Wednesday, April 15, 2015

A Zen Allegory - Tending The Ox

In China, there exists nine paintings that allegorically describe the human search for one’s "true self." By reflecting on these paintings, we are able to trace our own journey to realization. This is particularly true to those who have experienced Kundalini Rising, the internal force that not only renovates the subtle body system, but restores one to a wholeness that is beyond ordinary comprehension. With these paintings, I share my own journey. Through your own reflection, you are invited to create your own story.

The man to whom the Ox belongs is standing, looking all around in the thick forest. He cannot see where the Ox is gone. He is simply bewildered, confused. It is getting late and the sun is setting.  Soon it will be night. Then going into the thick forest will become more difficult.

For many years, my life consisted of external events. Work, study, dating, marriage, family, trips, career moves, entertainment, etc. There was little turning inward to discover a life within. The idea of an inner life was largely absent. Everything I wanted was to be found externally. This is where happiness and success could be found.
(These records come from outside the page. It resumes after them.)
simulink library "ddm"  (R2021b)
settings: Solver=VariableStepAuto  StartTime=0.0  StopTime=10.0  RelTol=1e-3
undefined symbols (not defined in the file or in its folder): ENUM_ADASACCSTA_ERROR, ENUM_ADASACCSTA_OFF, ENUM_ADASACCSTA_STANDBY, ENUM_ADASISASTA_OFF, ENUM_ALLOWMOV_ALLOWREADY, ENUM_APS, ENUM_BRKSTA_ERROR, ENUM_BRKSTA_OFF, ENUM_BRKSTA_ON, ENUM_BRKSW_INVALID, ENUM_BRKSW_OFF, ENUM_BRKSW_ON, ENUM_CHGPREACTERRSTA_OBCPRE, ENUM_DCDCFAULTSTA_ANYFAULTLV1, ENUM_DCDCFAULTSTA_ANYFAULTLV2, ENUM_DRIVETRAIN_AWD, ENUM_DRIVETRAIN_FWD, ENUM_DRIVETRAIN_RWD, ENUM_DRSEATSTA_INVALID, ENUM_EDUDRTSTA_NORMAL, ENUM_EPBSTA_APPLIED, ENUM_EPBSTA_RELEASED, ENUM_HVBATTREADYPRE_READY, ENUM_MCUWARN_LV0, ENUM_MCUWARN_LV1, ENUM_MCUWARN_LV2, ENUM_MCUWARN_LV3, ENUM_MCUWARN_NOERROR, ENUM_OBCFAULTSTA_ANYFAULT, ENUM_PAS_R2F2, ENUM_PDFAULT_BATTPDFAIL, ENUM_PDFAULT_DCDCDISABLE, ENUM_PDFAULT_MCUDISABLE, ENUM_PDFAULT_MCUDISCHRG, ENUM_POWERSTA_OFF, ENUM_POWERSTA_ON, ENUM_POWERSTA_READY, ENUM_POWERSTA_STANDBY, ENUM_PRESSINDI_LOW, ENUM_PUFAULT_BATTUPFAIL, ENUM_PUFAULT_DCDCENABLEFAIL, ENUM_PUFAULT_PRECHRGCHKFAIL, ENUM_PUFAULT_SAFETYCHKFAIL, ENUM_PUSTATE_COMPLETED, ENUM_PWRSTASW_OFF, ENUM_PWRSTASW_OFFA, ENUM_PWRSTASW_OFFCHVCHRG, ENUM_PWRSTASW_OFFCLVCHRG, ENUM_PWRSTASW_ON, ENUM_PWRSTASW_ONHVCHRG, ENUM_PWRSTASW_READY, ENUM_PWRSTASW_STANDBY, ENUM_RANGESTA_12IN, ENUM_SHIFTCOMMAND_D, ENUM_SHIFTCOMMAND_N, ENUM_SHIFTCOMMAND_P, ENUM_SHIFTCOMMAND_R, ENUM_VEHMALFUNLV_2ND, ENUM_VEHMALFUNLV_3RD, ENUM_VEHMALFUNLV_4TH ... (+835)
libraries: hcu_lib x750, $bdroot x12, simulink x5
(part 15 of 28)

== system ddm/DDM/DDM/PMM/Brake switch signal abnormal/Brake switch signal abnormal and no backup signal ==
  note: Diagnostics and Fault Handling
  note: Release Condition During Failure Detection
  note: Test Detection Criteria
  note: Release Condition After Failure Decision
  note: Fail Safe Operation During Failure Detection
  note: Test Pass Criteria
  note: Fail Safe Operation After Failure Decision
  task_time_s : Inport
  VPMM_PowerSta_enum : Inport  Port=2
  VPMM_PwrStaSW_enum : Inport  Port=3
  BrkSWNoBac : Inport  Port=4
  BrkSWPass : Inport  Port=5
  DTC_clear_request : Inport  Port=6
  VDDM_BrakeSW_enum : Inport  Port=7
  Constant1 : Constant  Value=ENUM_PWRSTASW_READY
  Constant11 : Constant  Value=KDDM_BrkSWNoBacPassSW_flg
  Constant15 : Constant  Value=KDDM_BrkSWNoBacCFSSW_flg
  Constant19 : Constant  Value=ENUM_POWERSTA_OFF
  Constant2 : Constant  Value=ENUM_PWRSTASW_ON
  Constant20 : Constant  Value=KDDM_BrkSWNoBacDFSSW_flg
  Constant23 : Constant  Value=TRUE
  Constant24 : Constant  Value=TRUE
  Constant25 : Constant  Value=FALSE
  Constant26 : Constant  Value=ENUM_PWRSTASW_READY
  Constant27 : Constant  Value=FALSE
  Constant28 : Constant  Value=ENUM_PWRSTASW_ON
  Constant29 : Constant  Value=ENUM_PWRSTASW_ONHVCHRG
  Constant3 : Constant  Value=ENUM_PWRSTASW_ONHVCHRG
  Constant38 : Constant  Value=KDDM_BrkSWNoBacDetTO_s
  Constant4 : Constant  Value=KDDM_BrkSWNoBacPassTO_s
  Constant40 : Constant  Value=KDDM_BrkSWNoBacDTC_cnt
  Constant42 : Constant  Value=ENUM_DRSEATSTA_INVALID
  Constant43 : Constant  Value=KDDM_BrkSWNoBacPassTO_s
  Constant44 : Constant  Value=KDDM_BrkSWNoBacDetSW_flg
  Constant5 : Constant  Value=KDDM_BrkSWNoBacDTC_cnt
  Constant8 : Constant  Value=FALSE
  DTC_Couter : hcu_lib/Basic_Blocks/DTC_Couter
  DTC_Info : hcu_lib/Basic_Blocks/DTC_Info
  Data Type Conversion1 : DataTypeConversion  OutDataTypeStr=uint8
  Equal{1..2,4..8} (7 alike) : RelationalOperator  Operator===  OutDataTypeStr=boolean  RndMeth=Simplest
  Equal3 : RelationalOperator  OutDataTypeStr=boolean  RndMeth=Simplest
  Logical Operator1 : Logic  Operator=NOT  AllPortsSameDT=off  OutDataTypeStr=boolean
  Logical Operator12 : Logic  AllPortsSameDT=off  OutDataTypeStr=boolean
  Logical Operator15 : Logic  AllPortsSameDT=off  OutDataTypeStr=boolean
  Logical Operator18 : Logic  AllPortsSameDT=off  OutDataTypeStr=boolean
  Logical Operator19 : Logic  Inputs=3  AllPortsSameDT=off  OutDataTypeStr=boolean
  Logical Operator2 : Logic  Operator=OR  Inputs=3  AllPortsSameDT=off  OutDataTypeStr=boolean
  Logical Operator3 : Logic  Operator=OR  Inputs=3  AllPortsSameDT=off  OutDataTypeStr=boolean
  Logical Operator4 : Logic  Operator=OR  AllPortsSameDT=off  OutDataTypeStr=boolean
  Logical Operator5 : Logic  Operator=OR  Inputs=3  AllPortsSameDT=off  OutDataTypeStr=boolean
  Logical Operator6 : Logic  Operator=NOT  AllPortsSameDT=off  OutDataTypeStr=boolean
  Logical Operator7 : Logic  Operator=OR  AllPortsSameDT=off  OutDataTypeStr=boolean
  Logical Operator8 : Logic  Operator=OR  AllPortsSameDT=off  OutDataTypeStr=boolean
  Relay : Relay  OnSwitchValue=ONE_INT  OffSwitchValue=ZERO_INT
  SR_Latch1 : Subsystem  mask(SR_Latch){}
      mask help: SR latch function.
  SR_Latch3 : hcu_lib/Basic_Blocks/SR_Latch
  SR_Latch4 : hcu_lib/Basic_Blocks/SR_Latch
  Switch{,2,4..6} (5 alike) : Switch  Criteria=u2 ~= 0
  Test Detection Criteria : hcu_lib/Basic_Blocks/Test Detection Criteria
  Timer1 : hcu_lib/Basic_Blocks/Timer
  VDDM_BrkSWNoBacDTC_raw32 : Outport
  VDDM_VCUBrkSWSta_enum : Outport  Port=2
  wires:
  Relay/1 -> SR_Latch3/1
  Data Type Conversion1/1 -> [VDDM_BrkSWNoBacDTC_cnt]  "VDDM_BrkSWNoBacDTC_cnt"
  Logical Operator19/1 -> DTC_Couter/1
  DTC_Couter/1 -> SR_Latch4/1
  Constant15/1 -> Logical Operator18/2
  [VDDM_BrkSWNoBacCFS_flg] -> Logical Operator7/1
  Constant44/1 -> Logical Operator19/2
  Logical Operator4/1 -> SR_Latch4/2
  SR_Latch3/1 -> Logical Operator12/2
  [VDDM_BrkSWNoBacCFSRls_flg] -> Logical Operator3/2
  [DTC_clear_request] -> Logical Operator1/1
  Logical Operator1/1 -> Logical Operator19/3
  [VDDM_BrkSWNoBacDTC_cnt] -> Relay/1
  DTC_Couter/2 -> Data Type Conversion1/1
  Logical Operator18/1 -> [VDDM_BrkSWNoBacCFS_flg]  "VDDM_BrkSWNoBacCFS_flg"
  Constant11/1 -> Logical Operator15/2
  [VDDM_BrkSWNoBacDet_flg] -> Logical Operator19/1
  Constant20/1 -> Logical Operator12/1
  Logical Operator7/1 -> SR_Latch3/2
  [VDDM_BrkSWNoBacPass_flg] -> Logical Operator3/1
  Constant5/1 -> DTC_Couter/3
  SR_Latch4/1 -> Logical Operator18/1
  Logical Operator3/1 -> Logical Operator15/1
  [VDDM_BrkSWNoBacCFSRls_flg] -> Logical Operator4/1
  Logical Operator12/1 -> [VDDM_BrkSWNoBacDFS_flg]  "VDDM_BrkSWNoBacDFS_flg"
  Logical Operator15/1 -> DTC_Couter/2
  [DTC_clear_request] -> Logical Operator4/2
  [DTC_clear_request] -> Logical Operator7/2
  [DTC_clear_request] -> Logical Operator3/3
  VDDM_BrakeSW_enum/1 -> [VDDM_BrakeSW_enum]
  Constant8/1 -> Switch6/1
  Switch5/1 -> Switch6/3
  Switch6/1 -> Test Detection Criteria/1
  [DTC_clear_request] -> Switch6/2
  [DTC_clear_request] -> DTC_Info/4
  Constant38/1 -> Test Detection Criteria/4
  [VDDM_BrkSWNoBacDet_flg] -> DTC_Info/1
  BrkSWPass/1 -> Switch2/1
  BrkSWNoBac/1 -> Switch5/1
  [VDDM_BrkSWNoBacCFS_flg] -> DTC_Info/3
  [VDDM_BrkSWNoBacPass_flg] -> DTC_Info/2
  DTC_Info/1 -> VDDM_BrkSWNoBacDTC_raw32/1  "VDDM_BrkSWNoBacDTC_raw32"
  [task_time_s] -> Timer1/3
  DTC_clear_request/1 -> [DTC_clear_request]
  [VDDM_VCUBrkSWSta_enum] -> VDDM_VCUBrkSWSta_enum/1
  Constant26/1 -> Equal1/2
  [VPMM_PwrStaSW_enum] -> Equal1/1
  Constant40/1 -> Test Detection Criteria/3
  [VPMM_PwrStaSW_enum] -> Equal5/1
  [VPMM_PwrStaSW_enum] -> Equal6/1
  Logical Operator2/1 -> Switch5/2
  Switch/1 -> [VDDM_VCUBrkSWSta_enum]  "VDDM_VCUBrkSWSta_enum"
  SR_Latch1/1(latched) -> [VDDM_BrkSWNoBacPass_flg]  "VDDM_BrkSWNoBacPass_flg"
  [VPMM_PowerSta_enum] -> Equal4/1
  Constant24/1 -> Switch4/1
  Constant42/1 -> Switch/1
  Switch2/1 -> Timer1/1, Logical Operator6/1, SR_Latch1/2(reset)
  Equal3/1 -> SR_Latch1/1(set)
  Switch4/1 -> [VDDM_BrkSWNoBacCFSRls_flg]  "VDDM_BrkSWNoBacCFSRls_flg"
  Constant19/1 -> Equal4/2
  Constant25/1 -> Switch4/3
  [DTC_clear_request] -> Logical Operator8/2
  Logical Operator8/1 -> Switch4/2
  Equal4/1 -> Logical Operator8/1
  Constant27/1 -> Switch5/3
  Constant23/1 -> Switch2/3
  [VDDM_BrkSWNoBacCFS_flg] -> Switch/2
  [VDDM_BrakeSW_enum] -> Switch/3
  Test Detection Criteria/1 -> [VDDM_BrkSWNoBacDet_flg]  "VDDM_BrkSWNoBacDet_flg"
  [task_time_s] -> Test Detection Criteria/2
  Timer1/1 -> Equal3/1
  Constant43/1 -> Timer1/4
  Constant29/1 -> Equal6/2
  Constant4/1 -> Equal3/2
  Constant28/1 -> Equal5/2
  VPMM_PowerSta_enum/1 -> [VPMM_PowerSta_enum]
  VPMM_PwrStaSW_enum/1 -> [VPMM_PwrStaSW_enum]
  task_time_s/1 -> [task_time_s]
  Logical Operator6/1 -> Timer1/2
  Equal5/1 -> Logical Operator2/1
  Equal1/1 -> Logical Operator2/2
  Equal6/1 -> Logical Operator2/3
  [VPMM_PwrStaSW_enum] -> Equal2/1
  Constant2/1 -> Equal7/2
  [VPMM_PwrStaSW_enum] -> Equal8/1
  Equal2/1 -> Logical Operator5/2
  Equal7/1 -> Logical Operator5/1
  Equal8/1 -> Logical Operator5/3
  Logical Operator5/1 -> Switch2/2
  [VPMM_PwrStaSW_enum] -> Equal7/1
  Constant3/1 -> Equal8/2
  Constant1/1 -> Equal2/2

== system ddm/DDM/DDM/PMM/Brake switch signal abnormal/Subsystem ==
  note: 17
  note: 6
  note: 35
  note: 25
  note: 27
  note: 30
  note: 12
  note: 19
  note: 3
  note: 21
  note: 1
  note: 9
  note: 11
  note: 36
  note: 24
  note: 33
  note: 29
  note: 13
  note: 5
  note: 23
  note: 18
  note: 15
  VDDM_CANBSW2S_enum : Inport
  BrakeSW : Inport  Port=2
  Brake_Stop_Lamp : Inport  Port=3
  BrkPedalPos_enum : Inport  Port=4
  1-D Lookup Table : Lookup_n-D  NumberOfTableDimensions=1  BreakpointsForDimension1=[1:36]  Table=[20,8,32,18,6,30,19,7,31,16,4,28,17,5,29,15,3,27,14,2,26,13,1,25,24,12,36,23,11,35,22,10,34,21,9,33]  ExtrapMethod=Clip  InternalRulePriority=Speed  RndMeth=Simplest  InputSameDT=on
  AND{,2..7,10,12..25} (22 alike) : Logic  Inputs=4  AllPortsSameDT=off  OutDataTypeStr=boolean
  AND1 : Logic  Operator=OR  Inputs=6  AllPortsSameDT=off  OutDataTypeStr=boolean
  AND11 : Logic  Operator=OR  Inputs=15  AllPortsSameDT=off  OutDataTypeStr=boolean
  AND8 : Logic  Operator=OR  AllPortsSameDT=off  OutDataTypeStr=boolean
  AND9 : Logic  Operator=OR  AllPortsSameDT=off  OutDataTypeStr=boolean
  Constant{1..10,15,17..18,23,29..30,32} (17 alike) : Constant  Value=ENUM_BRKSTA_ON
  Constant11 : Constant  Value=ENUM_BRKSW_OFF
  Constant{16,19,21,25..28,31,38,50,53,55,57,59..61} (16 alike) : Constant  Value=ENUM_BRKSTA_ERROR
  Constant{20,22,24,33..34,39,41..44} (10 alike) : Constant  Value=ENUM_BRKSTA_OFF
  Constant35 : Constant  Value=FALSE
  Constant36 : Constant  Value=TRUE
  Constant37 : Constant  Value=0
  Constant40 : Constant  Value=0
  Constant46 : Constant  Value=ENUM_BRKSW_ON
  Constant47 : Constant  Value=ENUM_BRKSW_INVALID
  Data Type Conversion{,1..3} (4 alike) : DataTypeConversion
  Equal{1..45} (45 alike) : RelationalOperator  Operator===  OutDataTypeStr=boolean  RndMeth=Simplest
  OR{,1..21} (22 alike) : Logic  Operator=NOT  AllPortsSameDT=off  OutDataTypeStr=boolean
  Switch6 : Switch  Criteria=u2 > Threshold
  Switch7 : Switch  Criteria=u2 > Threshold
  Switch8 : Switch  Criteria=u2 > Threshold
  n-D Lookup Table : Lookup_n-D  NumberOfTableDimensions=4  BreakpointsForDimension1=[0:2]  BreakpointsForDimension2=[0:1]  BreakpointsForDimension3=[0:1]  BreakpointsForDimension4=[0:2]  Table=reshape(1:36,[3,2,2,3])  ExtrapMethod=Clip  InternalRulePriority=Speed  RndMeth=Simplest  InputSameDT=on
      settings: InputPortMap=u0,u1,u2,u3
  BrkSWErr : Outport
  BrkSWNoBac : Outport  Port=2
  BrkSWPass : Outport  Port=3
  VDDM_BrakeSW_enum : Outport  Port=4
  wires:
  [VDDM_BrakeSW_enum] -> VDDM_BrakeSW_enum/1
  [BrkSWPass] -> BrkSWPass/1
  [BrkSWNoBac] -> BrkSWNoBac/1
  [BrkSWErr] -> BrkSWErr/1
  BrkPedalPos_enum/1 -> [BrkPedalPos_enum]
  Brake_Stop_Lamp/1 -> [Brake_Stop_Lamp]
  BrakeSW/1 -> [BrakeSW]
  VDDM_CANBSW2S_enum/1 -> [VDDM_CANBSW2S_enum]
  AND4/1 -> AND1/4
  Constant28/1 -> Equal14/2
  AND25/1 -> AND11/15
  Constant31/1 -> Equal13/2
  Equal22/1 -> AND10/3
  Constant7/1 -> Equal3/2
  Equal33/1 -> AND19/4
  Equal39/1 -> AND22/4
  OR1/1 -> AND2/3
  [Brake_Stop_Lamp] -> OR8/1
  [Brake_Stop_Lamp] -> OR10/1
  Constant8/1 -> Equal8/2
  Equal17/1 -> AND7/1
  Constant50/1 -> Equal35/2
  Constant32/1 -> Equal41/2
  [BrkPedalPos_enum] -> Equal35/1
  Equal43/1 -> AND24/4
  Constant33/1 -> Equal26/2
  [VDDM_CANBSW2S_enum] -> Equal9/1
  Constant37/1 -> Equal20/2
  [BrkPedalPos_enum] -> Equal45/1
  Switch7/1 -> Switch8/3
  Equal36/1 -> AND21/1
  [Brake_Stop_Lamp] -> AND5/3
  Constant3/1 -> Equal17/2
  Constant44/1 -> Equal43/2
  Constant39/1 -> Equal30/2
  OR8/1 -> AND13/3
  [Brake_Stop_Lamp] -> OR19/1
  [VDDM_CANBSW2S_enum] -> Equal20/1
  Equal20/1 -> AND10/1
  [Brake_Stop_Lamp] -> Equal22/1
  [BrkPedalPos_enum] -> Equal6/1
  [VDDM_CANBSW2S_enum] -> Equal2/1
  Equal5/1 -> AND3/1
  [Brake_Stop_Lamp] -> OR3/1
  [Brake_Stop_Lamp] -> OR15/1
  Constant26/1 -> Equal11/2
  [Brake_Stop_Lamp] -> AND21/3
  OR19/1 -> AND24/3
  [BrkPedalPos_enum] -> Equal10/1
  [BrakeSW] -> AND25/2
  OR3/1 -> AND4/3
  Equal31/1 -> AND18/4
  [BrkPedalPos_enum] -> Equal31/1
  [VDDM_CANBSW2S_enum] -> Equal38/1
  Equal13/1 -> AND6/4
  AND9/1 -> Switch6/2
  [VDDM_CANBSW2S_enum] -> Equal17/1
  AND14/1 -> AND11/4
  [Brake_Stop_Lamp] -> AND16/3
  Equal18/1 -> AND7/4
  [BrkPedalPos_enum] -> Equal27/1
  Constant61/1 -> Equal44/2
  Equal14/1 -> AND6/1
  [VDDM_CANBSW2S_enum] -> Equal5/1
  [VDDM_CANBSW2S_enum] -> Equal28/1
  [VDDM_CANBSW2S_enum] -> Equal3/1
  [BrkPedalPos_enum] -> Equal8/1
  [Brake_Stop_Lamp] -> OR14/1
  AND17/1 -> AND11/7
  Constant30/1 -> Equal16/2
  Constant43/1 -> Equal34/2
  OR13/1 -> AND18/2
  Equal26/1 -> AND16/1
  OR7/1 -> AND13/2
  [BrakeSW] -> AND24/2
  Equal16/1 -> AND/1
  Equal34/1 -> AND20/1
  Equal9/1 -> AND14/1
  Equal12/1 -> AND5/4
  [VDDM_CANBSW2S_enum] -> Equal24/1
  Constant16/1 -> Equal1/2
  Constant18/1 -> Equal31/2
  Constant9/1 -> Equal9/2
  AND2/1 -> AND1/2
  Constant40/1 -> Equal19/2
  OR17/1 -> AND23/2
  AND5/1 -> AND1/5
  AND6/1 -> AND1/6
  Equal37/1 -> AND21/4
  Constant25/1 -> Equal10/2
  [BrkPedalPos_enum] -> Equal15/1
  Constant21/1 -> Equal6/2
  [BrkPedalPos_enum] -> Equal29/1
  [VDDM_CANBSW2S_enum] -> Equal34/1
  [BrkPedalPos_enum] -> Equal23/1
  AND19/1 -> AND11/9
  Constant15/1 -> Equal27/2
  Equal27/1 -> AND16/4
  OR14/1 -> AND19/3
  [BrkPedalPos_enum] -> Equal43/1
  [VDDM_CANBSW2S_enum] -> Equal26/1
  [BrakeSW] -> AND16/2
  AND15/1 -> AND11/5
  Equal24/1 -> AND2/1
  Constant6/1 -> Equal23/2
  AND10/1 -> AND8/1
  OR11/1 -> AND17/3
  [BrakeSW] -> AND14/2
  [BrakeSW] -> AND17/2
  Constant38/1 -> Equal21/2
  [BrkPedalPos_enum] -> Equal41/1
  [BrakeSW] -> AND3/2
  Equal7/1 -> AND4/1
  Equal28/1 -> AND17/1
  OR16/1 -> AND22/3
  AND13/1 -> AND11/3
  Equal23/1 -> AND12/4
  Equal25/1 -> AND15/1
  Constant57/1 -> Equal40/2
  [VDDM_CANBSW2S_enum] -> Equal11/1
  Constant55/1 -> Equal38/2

Something was missing. Why did all these external events, goals and successes not provide the happiness I thought they would?

The man finds footprints for the Ox. Maybe the Ox can be found. He follows them.  

I felt like my inner light was being suffocated. I needed a change, something in my life to counter the feeling of emptiness and failure. The books I'd been reading spoke of an inner life that was just as important as these exterior events.  Others suggested getting involved in some community activities; maybe a prayer group, or meditation. My wife suggested that I needed to be more open in sharing what I was feeling; not keep it all bottled up inside. Where was I to begin? Have to start somewhere ...

The man sees the shadow of the Ox far off in the thick forest. It’s hard to make out. 

The recommended meditation time is twenty minutes, twice a day, morning and night. I’ll start with twenty minutes in the morning. Back straight, eyes closed, silent and still, repeat a word and give it my full attention. Coordinate this with my breath. If I drift off into thought, I come gently back to my word. There are moments when I do experience an inner connection. I surrender to these inner movements. I learn to love my meditation time. But when I’m not meditating, everything again gets blurry and confusing. Nevertheless, I seem to be a bit more peaceful.

The man reaches the Ox.  He can see the Ox more clearly now. There’s more internal rejoicing.

I’m now meditating twice a day. Who would have believed that meditation could have such an effect. I even enjoy sharing my meditation experience with others; sometimes I invite them to the groups I attend. The authors of those meditation books describe what I am actually experiencing. I have started to attend some meditation retreats. They really get me in touch with that “inner presence.” At times, I experience the stillness of an inner observer listening and looking out at all the crazy things going on around me.  Sometimes, I seem to be absorbed completely into a shining, blissful lake of light, and it's ecstatic.

The man holds the Ox by its horns, puts a halter on it, and struggles to lead it towards home.

I do meditation retreats once a year, many seven days in length. After a few days, I am able to move into deep penetrating meditation, and I have this feeling of the old person falling away and a new person coming to the center.  At times like this, I feel like I’m really living the life that I was intended to live. I would like to move away from all those exterior things that keep me so busy, but unfortunately, I have responsibilities: when I return home after a retreat, I slip back to where I was before, or so it seems. All my old constructs and boundaries seem to return and reassert themselves. I’ll just have to try harder.  

The man rides on the back of the Ox as they continue towards home.

Something extraordinary happened. I decided to go on an extensive meditation retreat, and on the thirty-eighth day, I experienced an energy at the base of my spine rising up through my body to the top of my head. I was filled with light. It wasn't painful, rather it was ecstatic and even erotic. So many changes are happening, I can’t keep up with them. The flow of this energy is changing everything. Sometimes, I feel that the whole world as I knew it before has collapsed and something new is coming into being, something better.

The man ties the Ox down in its place. And waits.

This whole kundalini experience is very liberating, but also a little confusing. I need time to understand and integrate this experience. I do a lot of reading, writing, meditating. I practice yoga to get grounded, to strengthen my body, and to learn more about what is happening to me. I’m trying to deal with all these physical and psychological changes. It seems like all the old constructs and boundaries have disappeared or changed.

The man is so full of joy that he starts playing on his flute.

What I searched for all those years was there all the time; I just had to discover it. Not only that. What I searched for was the true me all the time. What I now experience inside is what I now see and experience outside. I see everything the way it really is. The old me is gone, and a new more wholesome me has taken its place.
An Empty Frame of the new man and Ox

No more concepts. No more images or models. No more cosmologies. No more Buddha. No more Christ. No clouds. Clear sky. The enjoyer becomes the enjoyment. The seeker becomes the sought.

"The light of spiritual awareness, shining alone, far removed from sense faculties and sense objects, revealing in its essential body true eternity, not confined to words, detached from false objects. This is Pure Essential Reality."